§ The task: Copy out the entries word for word, leaving images aside.
———
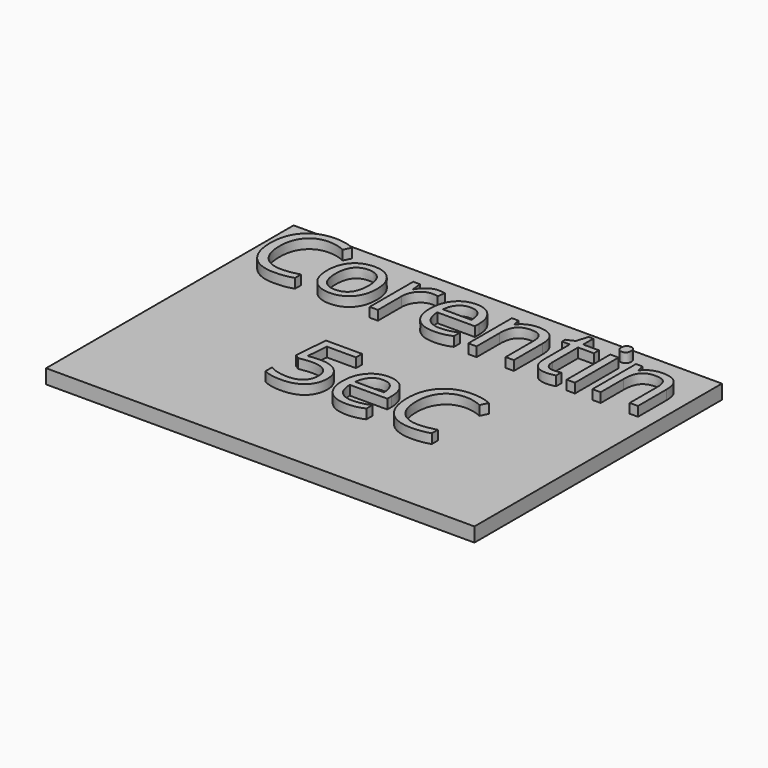
from build123d import *

# Parameters (mm, degrees)
F0_W         = 90
F0_H         = 65
F1_DEPTH     = 3
F2_TEXT_SIZE = 21.3814000466
F3_DEPTH     = 2


# Not quite as in the source:
# - Text() gives the source's letters only with a copy of the font that has no kerning and outlines rounded to 1/6400 em; it was checked with that copy


with BuildPart() as f1:
    # F0 (on Top) → F1 (new body)
    with BuildSketch(Plane.XY):
        with Locations((45, -32.5)):
            Rectangle(F0_W, F0_H)
    extrude(amount=F1_DEPTH)

    # F2 (on face) → F3 (join)
    with BuildSketch(Plane.XY.offset(3)):
        with Locations((2, -17.8176784212)):
            Text('Corentin', F2_TEXT_SIZE, font='Open Sans', text_align=(TextAlign.LEFT, TextAlign.BOTTOM))
        with Locations((29.7791158418, -46.8963824846)):
            Text('5eC', F2_TEXT_SIZE, font='Open Sans', text_align=(TextAlign.LEFT, TextAlign.BOTTOM))
    extrude(amount=F3_DEPTH)


solid = f1.part
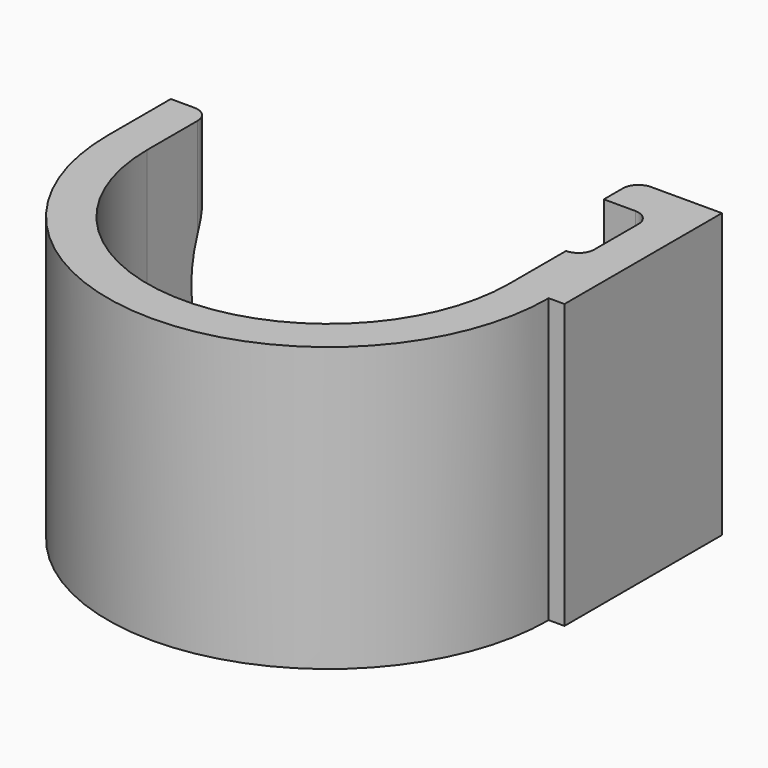
from build123d import *

# Parameters (mm, degrees)
F1_DEPTH = 18
F2_R     = 7.5
F3_DEPTH = 19.001
F4_R     = 7.5
F5_DEPTH = 25
F6_R     = 0.99999


# Not quite as in the source:
# - a fillet or chamfer is up to 0.001 mm smaller than in the source, because OpenCascade refuses the exact size


with BuildPart() as f1:
    # F0 (on Top) → F1 (new body)
    with BuildSketch(Plane.XY):
        with BuildLine():
            ThreePointArc((11.5, 0), (0, -11.5), (-11.5, 0))
            Line((-11.5, 0), (-11.5, 5))
            Line((-11.5, 5), (-14, 5))
            Line((-14, 5), (-14, 0))
            ThreePointArc((-14, 0), (0, -14), (14, 0))
            Line((14, 0), (15, 0))
            Line((15, 0), (15, 12.5))
            Line((15, 12.5), (9.5, 12.5))
            Line((9.5, 12.5), (9.5, 10))
            Line((9.5, 10), (12.5, 10))
            Line((12.5, 10), (12.5, 4.5))
            Line((12.5, 4.5), (11.5, 4.5))
            Line((11.5, 4.5), (11.5, 0))
        make_face()
    extrude(amount=F1_DEPTH)

    # F2 (on face) → F3 (cut, through all)
    with BuildSketch(Plane(origin=(0, 5, 0), x_dir=(-1, 0, 0), z_dir=(0, 1, 0))):
        with Locations((20, 9)):
            Circle(F2_R)
    extrude(amount=-F3_DEPTH, mode=Mode.SUBTRACT)

    # F4 (on face) → F5 (cut)
    with BuildSketch(Plane.YZ.offset(-11.5)):
        with Locations((11, 9)):
            Circle(F4_R)
    extrude(amount=-F5_DEPTH, mode=Mode.SUBTRACT)

    # F6 (radius 1 in the source; OpenCascade refuses exactly that, so slightly less here)
    f6_edges = [f1.edges().sort_by_distance(p)[0] for p in [
        (-11.5, 5, 15.75),
        (-11.5, 5, 2.25),
        (12.5, 4.5, 9),
        (12.5, 10, 9),
        (9.5, 12.5, 9),
    ]]
    fillet(f6_edges, radius=F6_R)


solid = f1.part
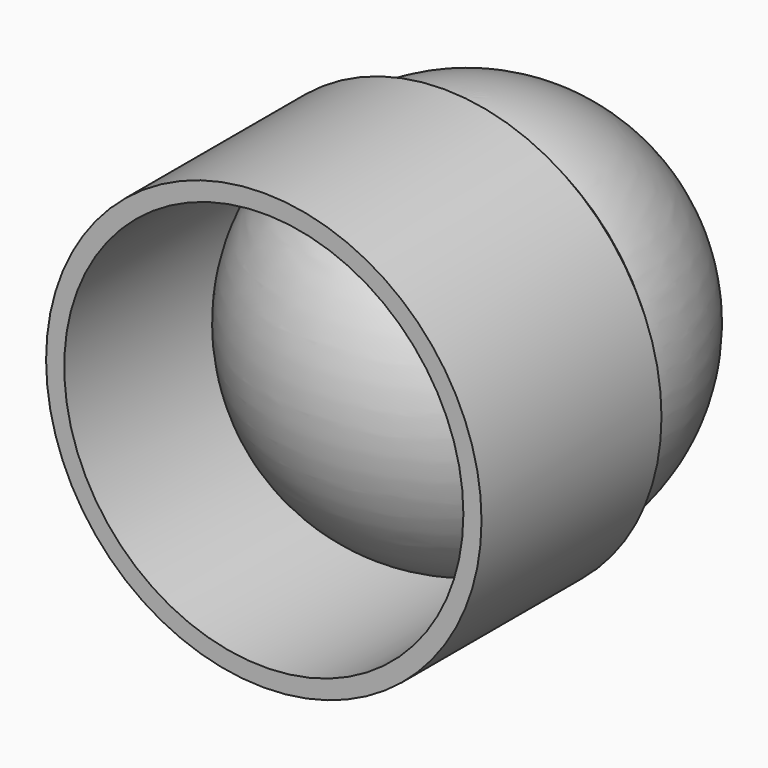
from build123d import *

# Parameters (mm, degrees)
F0_R     = 76.2
F0_R_2   = 69.85
F1_DEPTH = 88.9


# Not quite as in the source:
# - a fillet or chamfer that OpenCascade refuses, or shapes differently, is made with other operations: its cross-section is extruded or revolved along the edge and cut away or added


with BuildPart() as f1:
    # F0 (on Front) → F1 (new body)
    with BuildSketch(Plane.XZ):
        Circle(F0_R)
        Circle(F0_R_2, mode=Mode.SUBTRACT)
    extrude(amount=F1_DEPTH)

    # F4: chamfer of 10.16 on 1 edges, made by hand

    # F4_s1 → F4_t2 (revolve, cut)
    with BuildSketch(Plane.XY):
        Polygon((76.2, -10.16), (66.04, 0), (76.2, 0), align=None)
    revolve(axis=Axis((0, 0, 0), (0, -1, 0)), mode=Mode.SUBTRACT)


with BuildPart() as f3:
    # F2 (on Front) → F3 (revolve)
    with BuildSketch(Plane.XZ):
        with BuildLine():
            Line((0, -69.8497965932), (0, 69.8499903083))
            ThreePointArc((0, 69.8499903083), (-69.671833101, 9.68575e-05), (0, -69.8497965932))
        make_face()
    revolve(axis=Axis((0, 0, 9.68575e-05), (0, 0, -1)))


solid = Compound([f1.part, f3.part])
———
§ Completed exercise:
from build123d import *

# Parameters (mm, degrees)
F0_W         = 90
F0_H         = 65
F1_DEPTH     = 3
F2_TEXT_SIZE = 21.3814000466
F3_DEPTH     = 2


# Not quite as in the source:
# - Text() gives the source's letters only with a copy of the font that has no kerning and outlines rounded to 1/6400 em; it was checked with that copy


with BuildPart() as f1:
    # F0 (on Top) → F1 (new body)
    with BuildSketch(Plane.XY):
        with Locations((45, -32.5)):
            Rectangle(F0_W, F0_H)
    extrude(amount=F1_DEPTH)

    # F2 (on face) → F3 (join)
    with BuildSketch(Plane.XY.offset(3)):
        with Locations((2, -17.8176784212)):
            Text('Corentin', F2_TEXT_SIZE, font='Open Sans', text_align=(TextAlign.LEFT, TextAlign.BOTTOM))
        with Locations((29.7791158418, -46.8963824846)):
            Text('5eC', F2_TEXT_SIZE, font='Open Sans', text_align=(TextAlign.LEFT, TextAlign.BOTTOM))
    extrude(amount=F3_DEPTH)


solid = f1.part
from build123d import *

# Parameters (mm, degrees)
F1_DEPTH = 18
F2_R     = 7.5
F3_DEPTH = 19.001
F4_R     = 7.5
F5_DEPTH = 25
F6_R     = 0.99999


# Not quite as in the source:
# - a fillet or chamfer is up to 0.001 mm smaller than in the source, because OpenCascade refuses the exact size


with BuildPart() as f1:
    # F0 (on Top) → F1 (new body)
    with BuildSketch(Plane.XY):
        with BuildLine():
            ThreePointArc((11.5, 0), (0, -11.5), (-11.5, 0))
            Line((-11.5, 0), (-11.5, 5))
            Line((-11.5, 5), (-14, 5))
            Line((-14, 5), (-14, 0))
            ThreePointArc((-14, 0), (0, -14), (14, 0))
            Line((14, 0), (15, 0))
            Line((15, 0), (15, 12.5))
            Line((15, 12.5), (9.5, 12.5))
            Line((9.5, 12.5), (9.5, 10))
            Line((9.5, 10), (12.5, 10))
            Line((12.5, 10), (12.5, 4.5))
            Line((12.5, 4.5), (11.5, 4.5))
            Line((11.5, 4.5), (11.5, 0))
        make_face()
    extrude(amount=F1_DEPTH)

    # F2 (on face) → F3 (cut, through all)
    with BuildSketch(Plane(origin=(0, 5, 0), x_dir=(-1, 0, 0), z_dir=(0, 1, 0))):
        with Locations((20, 9)):
            Circle(F2_R)
    extrude(amount=-F3_DEPTH, mode=Mode.SUBTRACT)

    # F4 (on face) → F5 (cut)
    with BuildSketch(Plane.YZ.offset(-11.5)):
        with Locations((11, 9)):
            Circle(F4_R)
    extrude(amount=-F5_DEPTH, mode=Mode.SUBTRACT)

    # F6 (radius 1 in the source; OpenCascade refuses exactly that, so slightly less here)
    f6_edges = [f1.edges().sort_by_distance(p)[0] for p in [
        (-11.5, 5, 15.75),
        (-11.5, 5, 2.25),
        (12.5, 4.5, 9),
        (12.5, 10, 9),
        (9.5, 12.5, 9),
    ]]
    fillet(f6_edges, radius=F6_R)


solid = f1.part
from build123d import *

# Parameters (mm, degrees)
F0_R     = 76.2
F0_R_2   = 69.85
F1_DEPTH = 88.9


# Not quite as in the source:
# - a fillet or chamfer that OpenCascade refuses, or shapes differently, is made with other operations: its cross-section is extruded or revolved along the edge and cut away or added


with BuildPart() as f1:
    # F0 (on Front) → F1 (new body)
    with BuildSketch(Plane.XZ):
        Circle(F0_R)
        Circle(F0_R_2, mode=Mode.SUBTRACT)
    extrude(amount=F1_DEPTH)

    # F4: chamfer of 10.16 on 1 edges, made by hand

    # F4_s1 → F4_t2 (revolve, cut)
    with BuildSketch(Plane.XY):
        Polygon((76.2, -10.16), (66.04, 0), (76.2, 0), align=None)
    revolve(axis=Axis((0, 0, 0), (0, -1, 0)), mode=Mode.SUBTRACT)


with BuildPart() as f3:
    # F2 (on Front) → F3 (revolve)
    with BuildSketch(Plane.XZ):
        with BuildLine():
            Line((0, -69.8497965932), (0, 69.8499903083))
            ThreePointArc((0, 69.8499903083), (-69.671833101, 9.68575e-05), (0, -69.8497965932))
        make_face()
    revolve(axis=Axis((0, 0, 9.68575e-05), (0, 0, -1)))


solid = Compound([f1.part, f3.part])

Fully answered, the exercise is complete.